The MEF2 gene family encodes four related transcription factors that recruit histone-modifying enzymes including histone deacetylases (HDACs) and HATs in a calcium-regulated manner. Although truncating variants were detected in our analysis of MEF2 gene family members, our analysis suggests that, in contrast to MLL2, MEF2 family members tend to selectively acquire non-synonymous amino acid substitutions. In the case of MEF2B, 59.4% of all the cSNVs were found at four sites within the protein (K4, Y69, N81 and D83), and all four of these sites were confirmed to be targets of somatic mutation. D83 is affected in 39% of the MEF2B alterations, resulting in replacement of the charged aspartate with any of alanine, glycine or valine. Although we cannot yet predict the consequences of these substitutions on protein function, it seems likely that their effect would have an impact on the ability of MEF2B to facilitate gene expression and thus have a role in promoting the malignant transformation of germinal centre B cells to lymphoma (Supplementary Discussion).

MEF2B mutations can be linked to CREBBP and EP300 mutations, and to recurrent Y641 mutations in EZH2 (ref. 13).
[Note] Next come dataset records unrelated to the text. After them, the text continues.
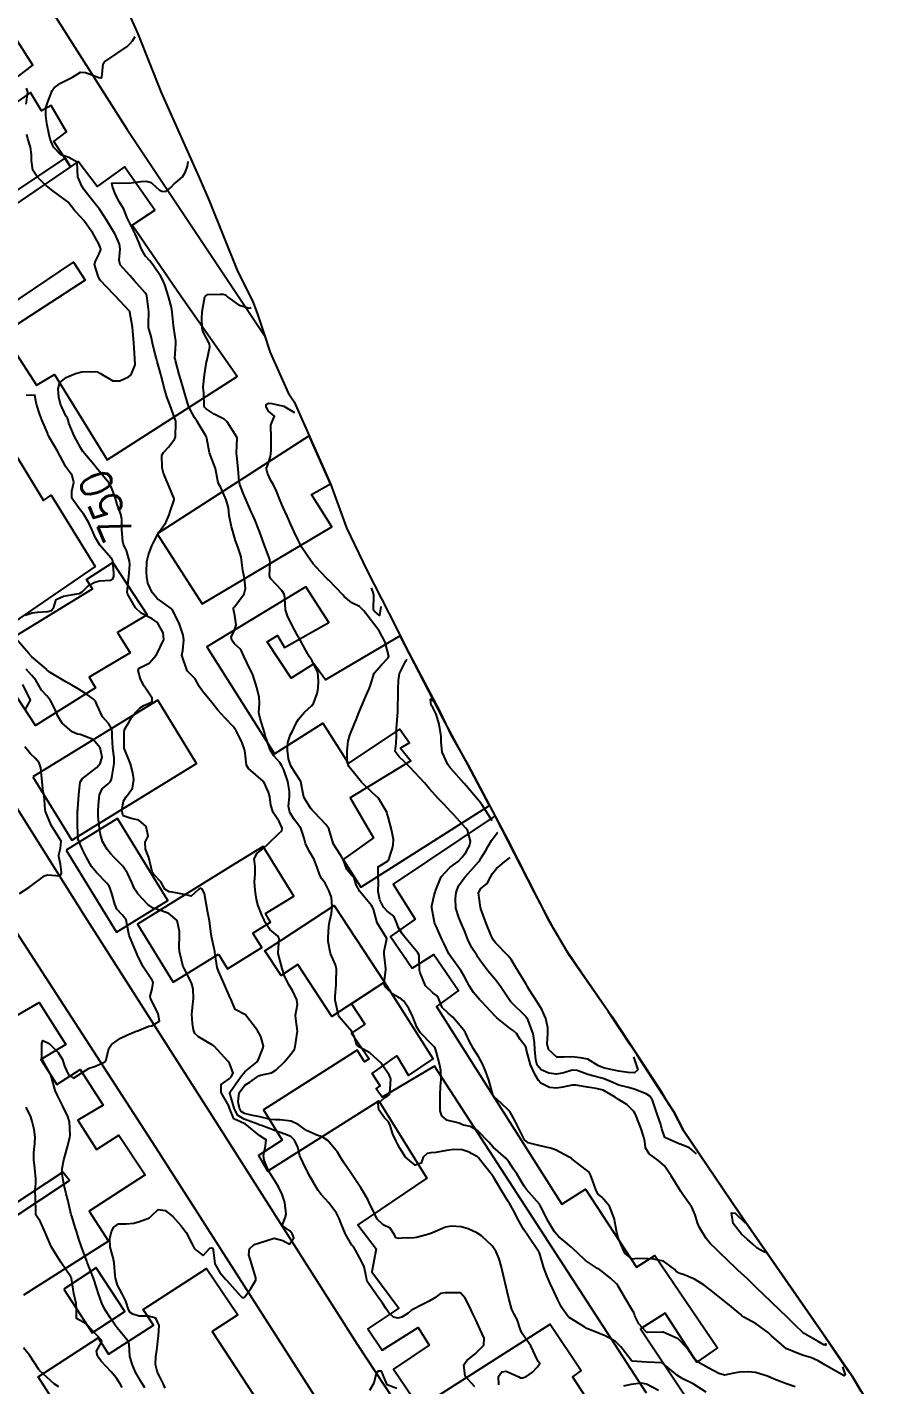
# Model space of a CAD drawing. Header units: metres. Extents: x 298520 to 308411, y 7433745 to 7450750.
# Drawn here: x 305394.9 to 305505.2, y 7436670.2 to 7436844.4 of the extents above; entities that cross this region are included whole.
import ezdxf
from ezdxf.enums import TextEntityAlignment as Align

# ---------------------------------------------------------------- set-up
doc = ezdxf.new("R2010")
doc.units = ezdxf.units.M
doc.header["$LTSCALE"] = 10
for name, color, linetype in [('Area', 45, 'Continuous'), ('Cotas', 45, 'Continuous'), ('Curvas de Nivel 1m', 11, 'Continuous'), ('Curvas de Nivel 5m', 15, 'Continuous'), ('Edificações', 30, 'Continuous'), ('Vias Primárias', 230, 'Continuous')]:
    doc.layers.add(name, color=color, linetype=linetype)
doc.styles.add('Style-STANDARD', font='STANDARD.shx')

msp = doc.modelspace()

# ---------------------------------------------------------------- linework, layer by layer
at = {"layer": 'Area'}
msp.add_polyline3d([(305406.62, 7436849.11, 750.74), (305409.1, 7436843.54, 751.03), (305412.09, 7436836.01, 751.49), (305417.09, 7436824.78, 752.1), (305418.29, 7436822.03, 752.34), (305421.87, 7436813.09, 758.6), (305423.79, 7436809.26, 753.34), (305424.42, 7436807.69, 753.28), (305425.25, 7436805.11, 753.31), (305426.07, 7436802.64, 753.36), (305428.38, 7436797.49, 753.87), (305429.17, 7436796.3, 753.96), (305433.82, 7436785.81, 758.61), (305435.88, 7436780.15, 758.11), (305438.47, 7436774.74, 754.14), (305442.24, 7436767.36, 753.3), (305443.48, 7436764.86, 761.5), (305447.84, 7436756.62, 763.61), (305449.32, 7436753.51, 760.15), (305451.47, 7436749.73, 761.7), (305456.54, 7436740.2, 763.11), (305461.77, 7436729.92, 761.1), (305464.37, 7436725.48, 766.27), (305469.97, 7436717.44, 763.71), (305476.12, 7436708.06, 764.29), (305477, 7436706.61, 764.35), (305477.87, 7436705.27, 764.33), (305479.13, 7436702.85, 755.9), (305486.35, 7436692.19, 756.3), (305496.92, 7436676.96, 760.78), (305499.77, 7436672.78, 761.54), (305500.79, 7436671.33, 761.08), (305505.23, 7436663.94, 752.7)], dxfattribs=at)
at = {"layer": 'Curvas de Nivel 1m', "flags": 128}
for points, elevation in [([(305455.44, 7436670.22), (305455.39, 7436671.31), (305455.79, 7436671.89), (305456.37, 7436672.01), (305458.01, 7436671.28), (305458.21, 7436671.12), (305458.36, 7436671.13), (305458.48, 7436671.15), (305458.89, 7436671.26), (305459.76, 7436671.87), (305460.38, 7436672.55), (305460.68, 7436672.96), (305460.47, 7436673.25), (305460.39, 7436673.42), (305459.54, 7436675.26), (305458.44, 7436676.83), (305458.19, 7436677.27), (305457.77, 7436678.6), (305457.41, 7436679.29), (305457.09, 7436679.91), (305456.72, 7436681.3), (305456.5, 7436682.19), (305456.25, 7436683.3), (305456.17, 7436683.65), (305455.76, 7436685.31), (305455.46, 7436686.4), (305455.1, 7436687.31), (305454.57, 7436688.06), (305453.19, 7436689.33), (305452.59, 7436689.73), (305451.47, 7436690.23), (305450.59, 7436690.49), (305449.37, 7436690.6), (305448.59, 7436690.46), (305446.9, 7436689.73), (305446.58, 7436689.6), (305446.45, 7436689.56), (305445.95, 7436689.43), (305444.87, 7436689.14), (305444.58, 7436689.1), (305443, 7436689.04), (305442.58, 7436689), (305442.21, 7436689.1), (305442.03, 7436689.47), (305441.46, 7436690.35), (305440.6, 7436690.77), (305439.83, 7436691.5), (305439.03, 7436693.1), (305438.84, 7436693.51), (305438.64, 7436693.91), (305438.07, 7436694.94), (305437.72, 7436695.52), (305436.68, 7436697.05), (305436.33, 7436697.54), (305435.59, 7436698.66), (305435.03, 7436699.56), (305434.71, 7436700.07), (305433.47, 7436701.57), (305432.73, 7436702.05), (305432.07, 7436702.25), (305430.74, 7436702.87), (305429.68, 7436703.62), (305428.76, 7436704.06), (305427.35, 7436704.24), (305426.76, 7436704.22), (305426.13, 7436704.29), (305424.76, 7436704.59), (305423.65, 7436704.81), (305422.77, 7436705.04), (305422.34, 7436705.28), (305422.13, 7436705.71), (305421.96, 7436706.53), (305422.08, 7436707.71), (305422.81, 7436708.67), (305423.45, 7436709.06), (305424.38, 7436709.68), (305424.63, 7436709.88), (305424.83, 7436709.95), (305426.23, 7436710.27), (305426.83, 7436710.62), (305427.86, 7436711.64), (305428.33, 7436712.16), (305428.86, 7436712.8), (305429.2, 7436713.3), (305429.28, 7436713.63), (305429.48, 7436715.03), (305429.57, 7436715.62), (305429.35, 7436717.2), (305429.32, 7436717.63), (305429.57, 7436719), (305429.51, 7436719.62), (305428.95, 7436720.82), (305428.45, 7436721.64), (305427.92, 7436722.7), (305427.6, 7436723.64), (305427.12, 7436725.54), (305427.11, 7436725.65), (305427.22, 7436727.47), (305427.16, 7436727.65), (305427.04, 7436727.77), (305426.02, 7436728.63), (305425.37, 7436729.68), (305425.29, 7436729.9), (305425.07, 7436730.4), (305424.54, 7436731.69), (305424.31, 7436732.47), (305424.13, 7436733.69), (305424.05, 7436734.76), (305424.15, 7436735.69), (305424.13, 7436736.7), (305424.04, 7436737.69), (305424.41, 7436738.45), (305425.18, 7436739.02), (305425.86, 7436739.67), (305427.2, 7436740.97), (305427.56, 7436741.29), (305427.62, 7436741.65), (305427.22, 7436742.5), (305426.48, 7436743.66), (305426.16, 7436744.59), (305426.02, 7436745.67), (305425.85, 7436746.26), (305425.27, 7436747.58), (305425.19, 7436747.68), (305423.3, 7436749.3), (305423.04, 7436749.7), (305422.86, 7436751.25), (305422.79, 7436751.71), (305422.47, 7436752.58), (305421.93, 7436753.72), (305421.73, 7436754.1), (305421.36, 7436754.64), (305420.32, 7436755.74), (305419.38, 7436756.75), (305418.59, 7436757.76), (305417.41, 7436759.2), (305417.02, 7436759.78), (305416.44, 7436760.79), (305415.44, 7436761.8), (305414.74, 7436763.81), (305414.87, 7436764.42), (305415.01, 7436765.8), (305414.9, 7436766.41), (305414.44, 7436767.81), (305413.54, 7436769.62), (305413.38, 7436769.82), (305412.3, 7436770.59), (305411.56, 7436771.11), (305410.92, 7436771.86), (305410.39, 7436773.05), (305410.24, 7436773.86), (305410.22, 7436774.48), (305410.26, 7436775.86), (305410.45, 7436776.69), (305410.9, 7436777.85), (305411.13, 7436778.36), (305411.66, 7436779.34), (305411.85, 7436779.65), (305411.99, 7436779.84), (305412.68, 7436780.83), (305413.13, 7436781.83), (305413.25, 7436782.26), (305413.71, 7436783.62), (305413.77, 7436783.76), (305413.77, 7436783.82), (305413.71, 7436784), (305412.95, 7436785.83), (305412.39, 7436787.19), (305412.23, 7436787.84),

One target of CREBBP/EP300 HAT activity is H3K27, which is methylated by EZH2 to repress transcription. There is evidence that the action of EZH2 antagonizes that of CREBBP/EP300 (ref. 39). One function of MEF2 is to recruit either HDACs or CREBBP/EP300 to target genes40, and it has been suggested that HDACs compete with CREBBP/EP300 for the same binding site on MEF2 (ref. 41). Under normal Ca2+ levels, MEF2 is bound by type IIa HDACs, which maintain the tails of histone proteins in a deacetylated repressive chromatin state42. Increased cytoplasmic Ca2+ levels induce the nuclear export of HDACs, enabling the recruitment of HATs such as CREBBP/EP300, facilitating transcription at MEF2 target genes. Mutation of CREBBP, EP300 or MEF2B may have an impact on the expression of MEF2 target genes owing to reduced acetylation of nucleosomes near these genes (Supplementary Figure 5; Supplementary Discussion). In light of the recent finding that heterozygous EZH2 Y641 mutations enhance overall H3K27 trimethylation activity of PRC2 (refs 43, 44), it is possible that mutation of both MLL2 and EZH2 could cooperate in reducing the expression of some of the same target genes. Our data indicate that (1) post-transcriptional modification of histones is of key importance in germinal centre B cells and (2) deregulated histone modification due to these mutations is likely to result in reduced acetylation and enhanced methylation, and acts as a core driver event in the development of NHL (Supplementary Figure 5).

Methods Summary

All samples analysed contained at least 50% tumour cells. Genomes, exomes and transcriptomes were sequenced using a combination of Illumina GAIIx and HiSeq 2000 instruments to read lengths of between 36 and 100 nucleotides. Exome capture was performed using the Agilent SureSelect Target Enrichment System Protocol (Version 1.0, September 2009). Alignment was accomplished using BWA45 and variants were identified using SNVmix46. Variants were manually reviewed in IGV and were confirmed (where applicable) by PCR followed by either Sanger sequencing or Illumina re-sequencing. Structural rearrangements in genomes and transcriptomes were identified using ABySS47. Gene expression values used for subtype assignment were calculated as reads per kilobase gene model per million mapped reads (RPKM) values48 and subtypes were assigned using an adaptation of the method developed for data from Affymetrix expression arrays49 trained with samples previously classified by this standard approach.